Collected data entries

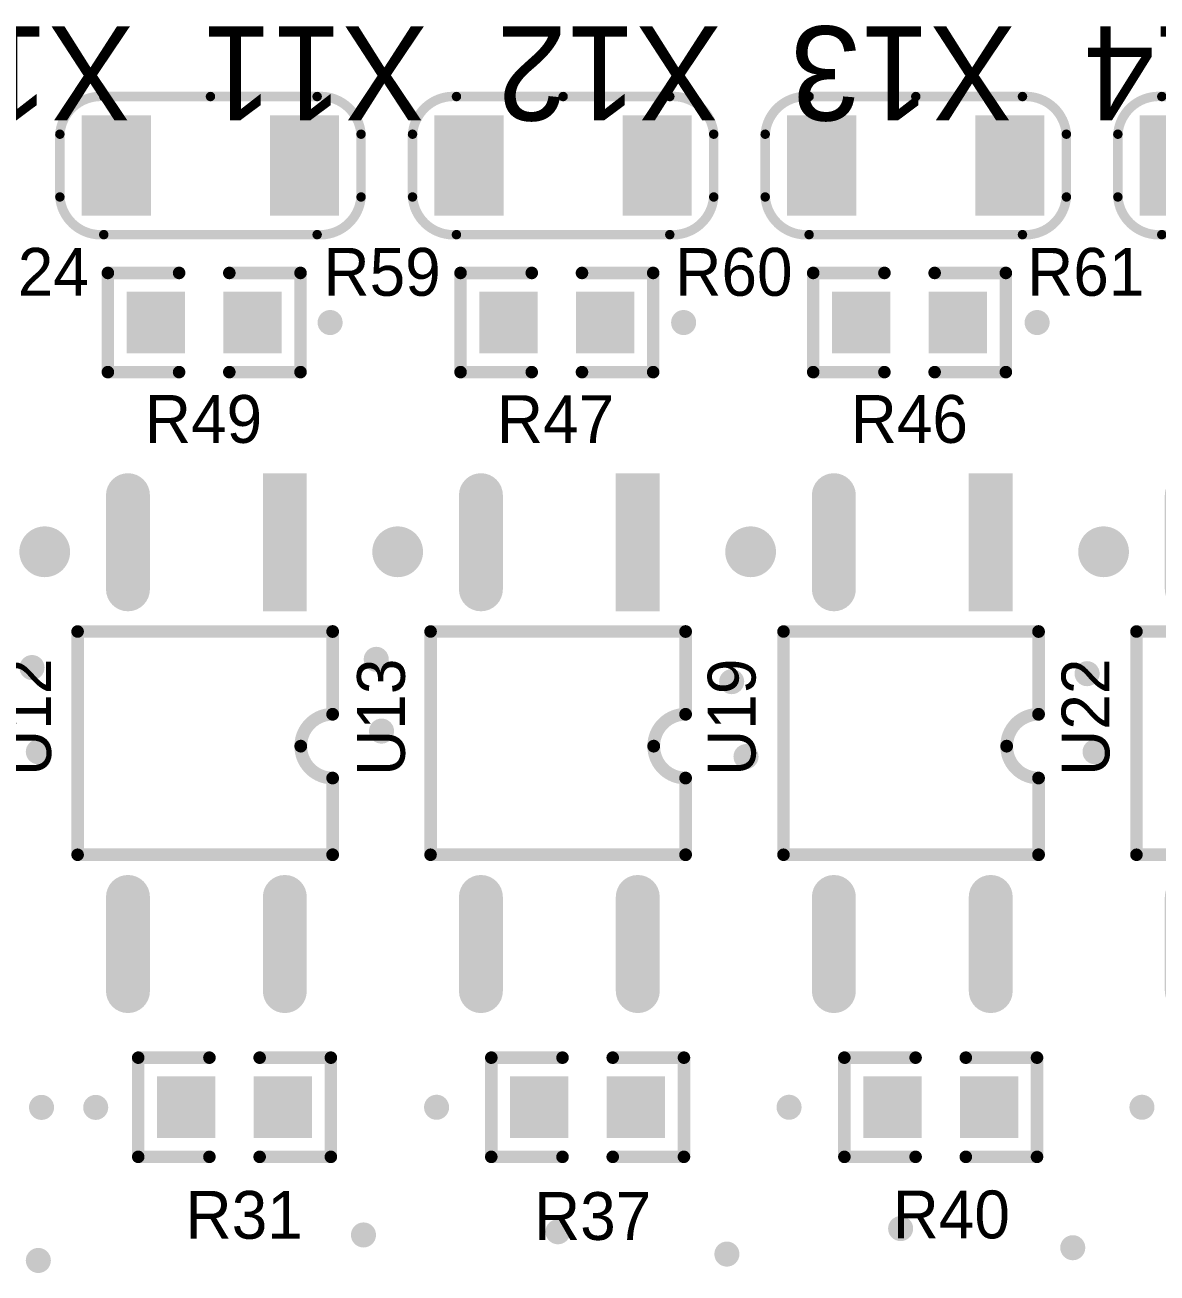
# Model space of a CAD drawing. Header units: millimetres. Extents: x -0.01 to 7.72, y -0.26 to 4.6.
# Drawn here: x 2.067 to 2.777, y 3.104 to 3.887 of the extents above; entities that cross this region are included whole.
import ezdxf

# ---------------------------------------------------------------- set-up
doc = ezdxf.new("R2010")
doc.units = ezdxf.units.MM
doc.header["$MEASUREMENT"] = 0
for name, color, linetype in [('TopOverlay', 2, 'Continuous'), ('TopPaste', 8, 'Continuous'), ('ViaHoleLayer', 16, 'Continuous')]:
    doc.layers.add(name, color=color, linetype=linetype)

# ---------------------------------------------------------------- blocks, each defined once
blk = doc.blocks.new('LC_0603_R_132')
at = {"layer": 'TopPaste'}
for points in [[(-0.04862, 0.01929), (-0.01201, 0.01929), (-0.01201, -0.01929), (-0.04862, -0.01929)], [(0.01201, 0.01929), (0.04862, 0.01929), (0.04862, -0.01929), (0.01201, -0.01929)]]:
    blk.add_hatch(color=8, dxfattribs=at).paths.add_polyline_path(points)
at = {"layer": 'TopOverlay', "const_width": 0.00787}
for points in [[(-0.06043, -0.0311), (-0.06043, 0.0311)], [(-0.06043, 0.0311), (-0.01575, 0.0311)], [(0.01575, 0.0311), (0.06043, 0.0311)], [(0.06043, -0.0311), (0.06043, 0.0311)], [(-0.06043, -0.0311), (-0.01575, -0.0311)], [(0.01575, -0.0311), (0.06043, -0.0311)]]:
    blk.add_lwpolyline(points, dxfattribs=at)
at = {"layer": 'TopOverlay', "const_width": 0.00394}
for points in [[(-0.0624, 0.0311, 1), (-0.05846, 0.0311, 1)], [(-0.0624, 0.0311, 1), (-0.05846, 0.0311, 1)], [(-0.01772, 0.0311, 1), (-0.01378, 0.0311, 1)], [(0.01378, 0.0311, 1), (0.01772, 0.0311, 1)], [(0.05846, 0.0311, 1), (0.0624, 0.0311, 1)], [(0.05846, 0.0311, 1), (0.0624, 0.0311, 1)], [(-0.0624, -0.0311, 1), (-0.05846, -0.0311, 1)], [(-0.0624, -0.0311, 1), (-0.05846, -0.0311, 1)], [(-0.01772, -0.0311, 1), (-0.01378, -0.0311, 1)], [(0.01378, -0.0311, 1), (0.01772, -0.0311, 1)], [(0.05846, -0.0311, 1), (0.0624, -0.0311, 1)], [(0.05846, -0.0311, 1), (0.0624, -0.0311, 1)]]:
    blk.add_lwpolyline(points, format="xyb", close=True, dxfattribs=at)
blk = doc.blocks.new('LC_0603_R_138')
at = {"layer": 'TopPaste'}
for points in [[(-0.04862, 0.01929), (-0.01201, 0.01929), (-0.01201, -0.01929), (-0.04862, -0.01929)], [(0.01201, 0.01929), (0.04862, 0.01929), (0.04862, -0.01929), (0.01201, -0.01929)]]:
    blk.add_hatch(color=8, dxfattribs=at).paths.add_polyline_path(points)
at = {"layer": 'TopOverlay', "const_width": 0.00787}
for points in [[(-0.06043, -0.0311), (-0.06043, 0.0311)], [(-0.06043, 0.0311), (-0.01575, 0.0311)], [(0.01575, 0.0311), (0.06043, 0.0311)], [(0.06043, -0.0311), (0.06043, 0.0311)], [(-0.06043, -0.0311), (-0.01575, -0.0311)], [(0.01575, -0.0311), (0.06043, -0.0311)]]:
    blk.add_lwpolyline(points, dxfattribs=at)
at = {"layer": 'TopOverlay', "const_width": 0.00394}
for points in [[(-0.0624, 0.0311, 1), (-0.05846, 0.0311, 1)], [(-0.0624, 0.0311, 1), (-0.05846, 0.0311, 1)], [(-0.01772, 0.0311, 1), (-0.01378, 0.0311, 1)], [(0.01378, 0.0311, 1), (0.01772, 0.0311, 1)], [(0.05846, 0.0311, 1), (0.0624, 0.0311, 1)], [(0.05846, 0.0311, 1), (0.0624, 0.0311, 1)], [(-0.0624, -0.0311, 1), (-0.05846, -0.0311, 1)], [(-0.0624, -0.0311, 1), (-0.05846, -0.0311, 1)], [(-0.01772, -0.0311, 1), (-0.01378, -0.0311, 1)], [(0.01378, -0.0311, 1), (0.01772, -0.0311, 1)], [(0.05846, -0.0311, 1), (0.0624, -0.0311, 1)], [(0.05846, -0.0311, 1), (0.0624, -0.0311, 1)]]:
    blk.add_lwpolyline(points, format="xyb", close=True, dxfattribs=at)
blk = doc.blocks.new('LC_0603_R_141')
at = {"layer": 'TopPaste'}
for points in [[(-0.04862, 0.01929), (-0.01201, 0.01929), (-0.01201, -0.01929), (-0.04862, -0.01929)], [(0.01201, 0.01929), (0.04862, 0.01929), (0.04862, -0.01929), (0.01201, -0.01929)]]:
    blk.add_hatch(color=8, dxfattribs=at).paths.add_polyline_path(points)
at = {"layer": 'TopOverlay', "const_width": 0.00787}
for points in [[(-0.06043, -0.0311), (-0.06043, 0.0311)], [(-0.06043, 0.0311), (-0.01575, 0.0311)], [(0.01575, 0.0311), (0.06043, 0.0311)], [(0.06043, -0.0311), (0.06043, 0.0311)], [(-0.06043, -0.0311), (-0.01575, -0.0311)], [(0.01575, -0.0311), (0.06043, -0.0311)]]:
    blk.add_lwpolyline(points, dxfattribs=at)
at = {"layer": 'TopOverlay', "const_width": 0.00394}
for points in [[(-0.0624, 0.0311, 1), (-0.05846, 0.0311, 1)], [(-0.0624, 0.0311, 1), (-0.05846, 0.0311, 1)], [(-0.01772, 0.0311, 1), (-0.01378, 0.0311, 1)], [(0.01378, 0.0311, 1), (0.01772, 0.0311, 1)], [(0.05846, 0.0311, 1), (0.0624, 0.0311, 1)], [(0.05846, 0.0311, 1), (0.0624, 0.0311, 1)], [(-0.0624, -0.0311, 1), (-0.05846, -0.0311, 1)], [(-0.0624, -0.0311, 1), (-0.05846, -0.0311, 1)], [(-0.01772, -0.0311, 1), (-0.01378, -0.0311, 1)], [(0.01378, -0.0311, 1), (0.01772, -0.0311, 1)], [(0.05846, -0.0311, 1), (0.0624, -0.0311, 1)], [(0.05846, -0.0311, 1), (0.0624, -0.0311, 1)]]:
    blk.add_lwpolyline(points, format="xyb", close=True, dxfattribs=at)
blk = doc.blocks.new('LC_0603_R_147')
at = {"layer": 'TopPaste'}
for points in [[(-0.04862, 0.01929), (-0.01201, 0.01929), (-0.01201, -0.01929), (-0.04862, -0.01929)], [(0.01201, 0.01929), (0.04862, 0.01929), (0.04862, -0.01929), (0.01201, -0.01929)]]:
    blk.add_hatch(color=8, dxfattribs=at).paths.add_polyline_path(points)
at = {"layer": 'TopOverlay', "const_width": 0.00787}
for points in [[(-0.06043, -0.0311), (-0.06043, 0.0311)], [(-0.06043, 0.0311), (-0.01575, 0.0311)], [(0.01575, 0.0311), (0.06043, 0.0311)], [(0.06043, -0.0311), (0.06043, 0.0311)], [(-0.06043, -0.0311), (-0.01575, -0.0311)], [(0.01575, -0.0311), (0.06043, -0.0311)]]:
    blk.add_lwpolyline(points, dxfattribs=at)
at = {"layer": 'TopOverlay', "const_width": 0.00394}
for points in [[(-0.0624, 0.0311, 1), (-0.05846, 0.0311, 1)], [(-0.0624, 0.0311, 1), (-0.05846, 0.0311, 1)], [(-0.01772, 0.0311, 1), (-0.01378, 0.0311, 1)], [(0.01378, 0.0311, 1), (0.01772, 0.0311, 1)], [(0.05846, 0.0311, 1), (0.0624, 0.0311, 1)], [(0.05846, 0.0311, 1), (0.0624, 0.0311, 1)], [(-0.0624, -0.0311, 1), (-0.05846, -0.0311, 1)], [(-0.0624, -0.0311, 1), (-0.05846, -0.0311, 1)], [(-0.01772, -0.0311, 1), (-0.01378, -0.0311, 1)], [(0.01378, -0.0311, 1), (0.01772, -0.0311, 1)], [(0.05846, -0.0311, 1), (0.0624, -0.0311, 1)], [(0.05846, -0.0311, 1), (0.0624, -0.0311, 1)]]:
    blk.add_lwpolyline(points, format="xyb", close=True, dxfattribs=at)
blk = doc.blocks.new('LC_0603_R_148')
at = {"layer": 'TopPaste'}
for points in [[(-0.04862, 0.01929), (-0.01201, 0.01929), (-0.01201, -0.01929), (-0.04862, -0.01929)], [(0.01201, 0.01929), (0.04862, 0.01929), (0.04862, -0.01929), (0.01201, -0.01929)]]:
    blk.add_hatch(color=8, dxfattribs=at).paths.add_polyline_path(points)
at = {"layer": 'TopOverlay', "const_width": 0.00787}
for points in [[(-0.06043, -0.0311), (-0.06043, 0.0311)], [(-0.06043, 0.0311), (-0.01575, 0.0311)], [(0.01575, 0.0311), (0.06043, 0.0311)], [(0.06043, -0.0311), (0.06043, 0.0311)], [(-0.06043, -0.0311), (-0.01575, -0.0311)], [(0.01575, -0.0311), (0.06043, -0.0311)]]:
    blk.add_lwpolyline(points, dxfattribs=at)
at = {"layer": 'TopOverlay', "const_width": 0.00394}
for points in [[(-0.0624, 0.0311, 1), (-0.05846, 0.0311, 1)], [(-0.0624, 0.0311, 1), (-0.05846, 0.0311, 1)], [(-0.01772, 0.0311, 1), (-0.01378, 0.0311, 1)], [(0.01378, 0.0311, 1), (0.01772, 0.0311, 1)], [(0.05846, 0.0311, 1), (0.0624, 0.0311, 1)], [(0.05846, 0.0311, 1), (0.0624, 0.0311, 1)], [(-0.0624, -0.0311, 1), (-0.05846, -0.0311, 1)], [(-0.0624, -0.0311, 1), (-0.05846, -0.0311, 1)], [(-0.01772, -0.0311, 1), (-0.01378, -0.0311, 1)], [(0.01378, -0.0311, 1), (0.01772, -0.0311, 1)], [(0.05846, -0.0311, 1), (0.0624, -0.0311, 1)], [(0.05846, -0.0311, 1), (0.0624, -0.0311, 1)]]:
    blk.add_lwpolyline(points, format="xyb", close=True, dxfattribs=at)
blk = doc.blocks.new('LC_0603_R_150')
at = {"layer": 'TopPaste'}
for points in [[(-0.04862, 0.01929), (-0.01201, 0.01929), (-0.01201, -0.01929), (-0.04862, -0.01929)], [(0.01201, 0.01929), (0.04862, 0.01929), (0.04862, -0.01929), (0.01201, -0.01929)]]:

▶ [Task prompt]
Using the string "blocks" as the search term, count the lines of the data above that hold it and report that number alone.

▶ [Response below]
7